# Surgical castration age



## tatumhills (Feb 8, 2014)

What's the best age to surgically have a buck kid castrated if he is running with mum?

www.tatumhills.weebly.com 
www.facebook.com/tatumhillsfarm
One Saanen in kid so she won't be alone for long!


----------



## Goats Rock (Jun 20, 2011)

Generally, a buck kid should be castrated by 2-3 months old if he is 
running with his mom. The longer you wait, the less chance of 
urinary calculi later on. (but if the kid is just going to freezer camp, he won't 
have a chance to develop the calculi, so earlier castration is ok, too.). 
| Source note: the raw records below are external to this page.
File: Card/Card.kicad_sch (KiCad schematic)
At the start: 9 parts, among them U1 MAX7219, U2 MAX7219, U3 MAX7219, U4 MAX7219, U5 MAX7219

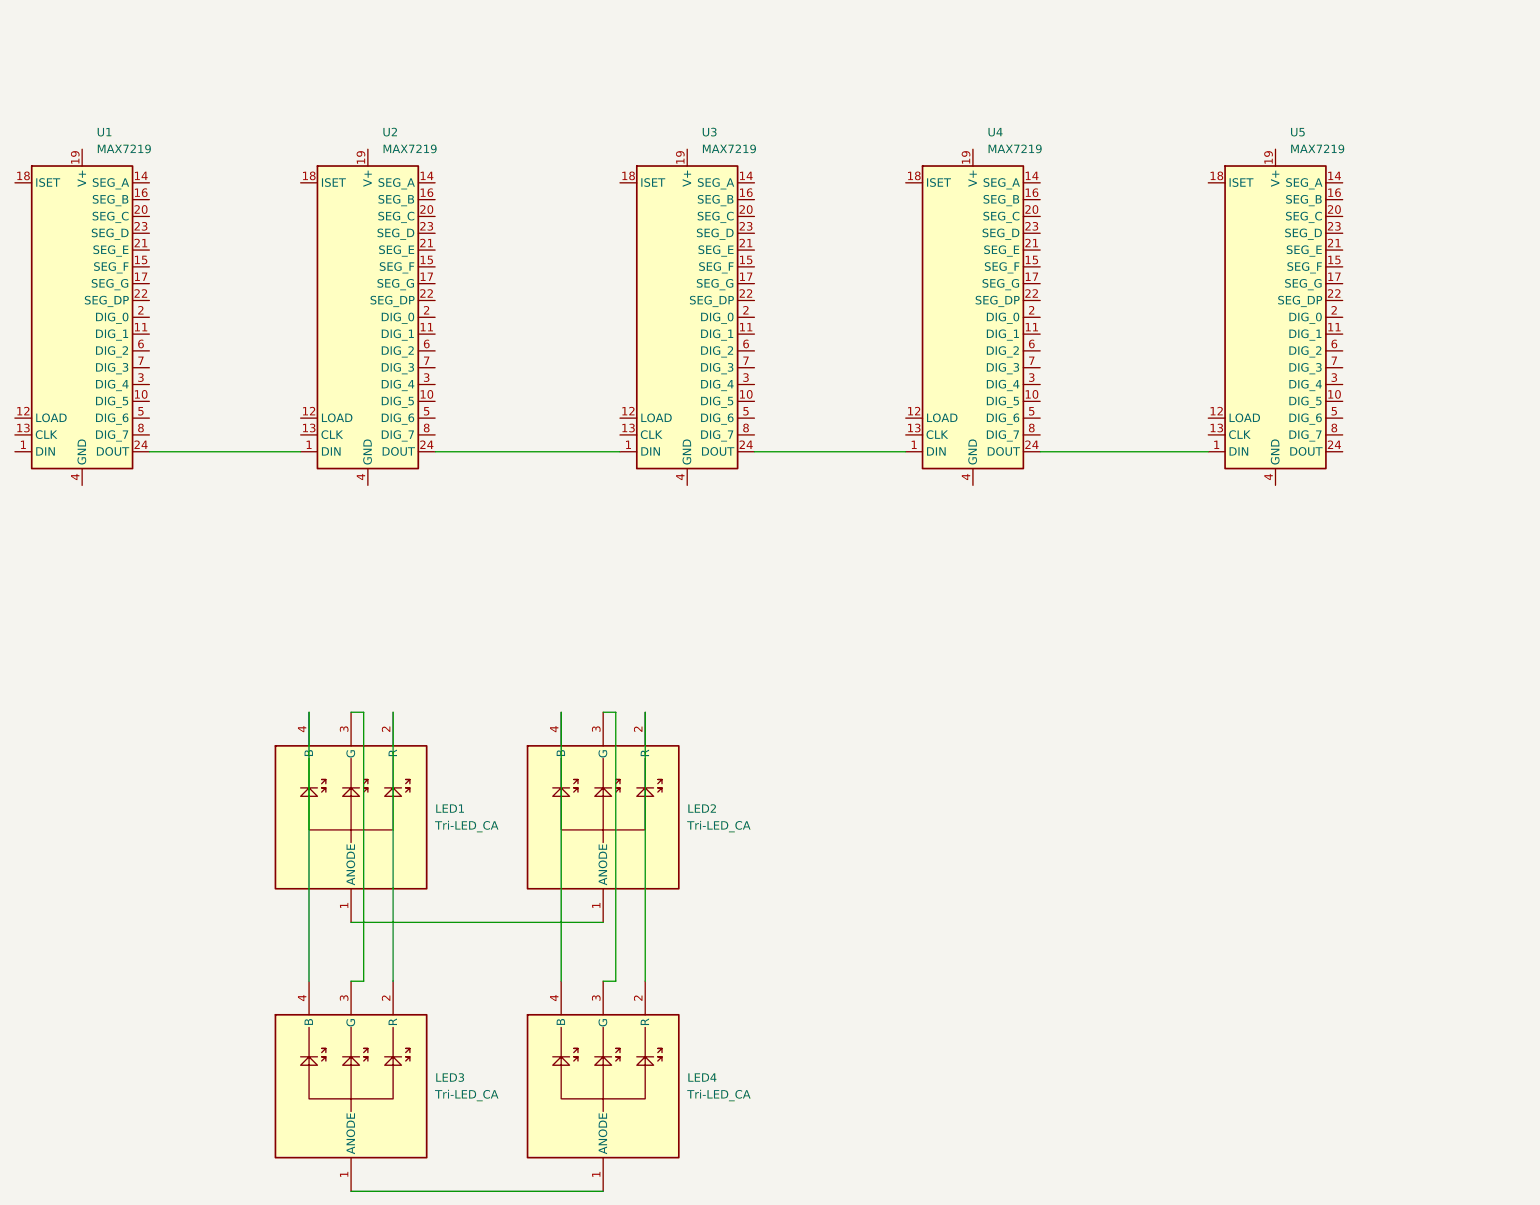
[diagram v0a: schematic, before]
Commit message: created LED matrix
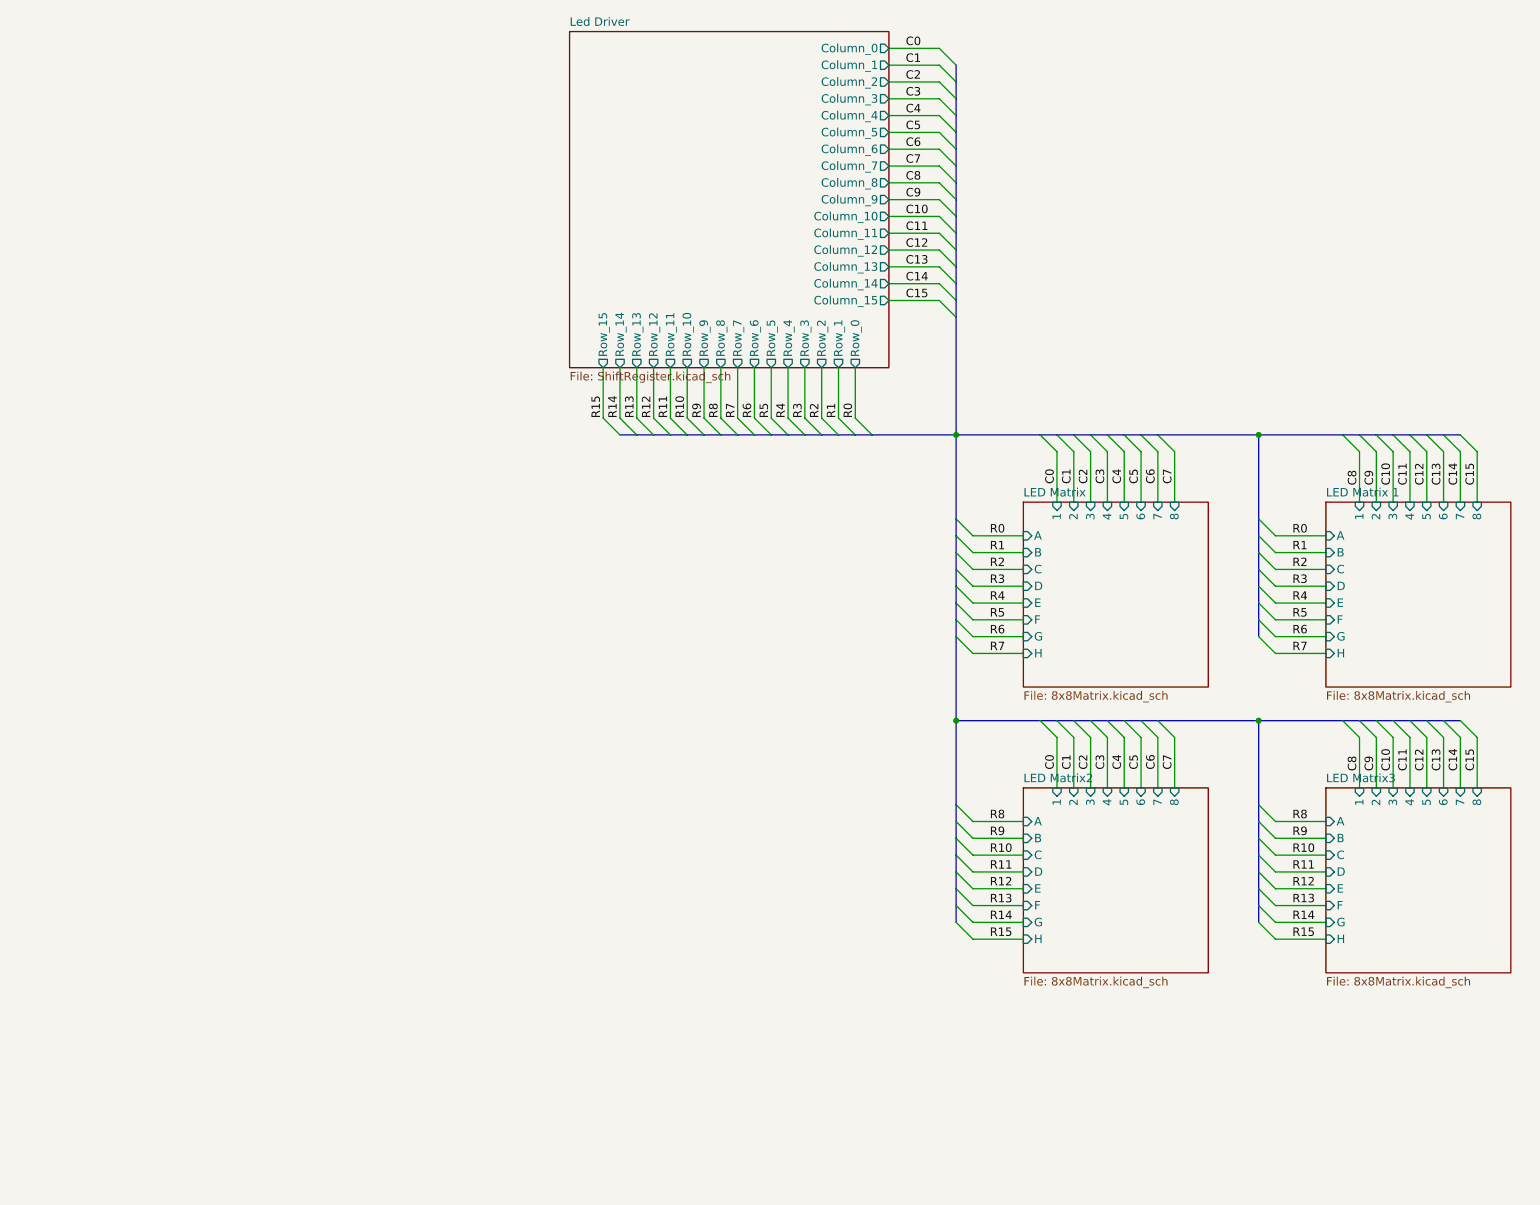
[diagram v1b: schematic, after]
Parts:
- removed LED1, LED2, LED3, LED4: Tri-LED_CA, Footprints:LED_Cree-PLCC4_3.2x2.8mm_CCW, symbol Custom:Tri-LED_CA
- removed U1, U2, U3, U4, U5: MAX7219, symbol Driver_LED:MAX7219
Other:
- added sheet LED Matrix (8x8Matrix.kicad_sch)
- added sheet LED Matrix 1 (8x8Matrix.kicad_sch)
- added sheet LED Matrix2 (8x8Matrix.kicad_sch)
- added sheet LED Matrix3 (8x8Matrix.kicad_sch)
- added sheet Led Driver (ShiftRegister.kicad_sch)

I just band all my buck kids at 3 months and
it works out well. Others use different castration techniques.


----------



## kccjer (Jan 27, 2012)

Goats Rock said:


> (but if the kid is just going to freezer camp, he won't
> have a chance to develop the calculi, so earlier castration is ok, too.).
> /QUOTE]
> 
> ...


----------



## tatumhills (Feb 8, 2014)

Thank you. He is definitely NOT for the freezer. 2-3 months it is then 

www.tatumhills.weebly.com 
www.facebook.com/tatumhillsfarm
One Saanen in kid so she won't be alone for long!


----------



## happybleats (Sep 12, 2010)

Be sure to give a tetanus antitoxin shot before hand...its cheap insurance...: ) 

best wishes


----------



## top_goat (Sep 16, 2014)

happybleats said:


> Be sure to give a tetanus antitoxin shot before hand...its cheap insurance...: )
> 
> best wishes


would that be tetanus alone or CDT? Thanks!


----------



## Goats Rock (Jun 20, 2011)

kcjcer- sorry, I didn't realize they could get calculi real young- we only have 3 adult pet wethers and they 
are only fed hay- never had to deal with calculi. I sure didn't mean to mis-speak. My mistake!


----------



## ksalvagno (Oct 6, 2009)

Tetanus antitoxin would be by itself. Not the same thing as CDT. That is a toxoid.


----------



## NyGoatMom (Jan 26, 2013)

I wait 12 weeks to band...even for meat goats.


----------



## Dayna (Aug 16, 2012)

I prefer to wait until the goat is half grown. It makes it harder as I have to separate them from the does at 3 months or so, when the penis fully extends and comes out is when they can impregnate a female as far as I understand it. I try to wait until 6 months or so.


----------



## kccjer (Jan 27, 2012)

Goats Rock said:


> kcjcer- sorry, I didn't realize they could get calculi real young- we only have 3 adult pet wethers and they
> are only fed hay- never had to deal with calculi. I sure didn't mean to mis-speak. My mistake!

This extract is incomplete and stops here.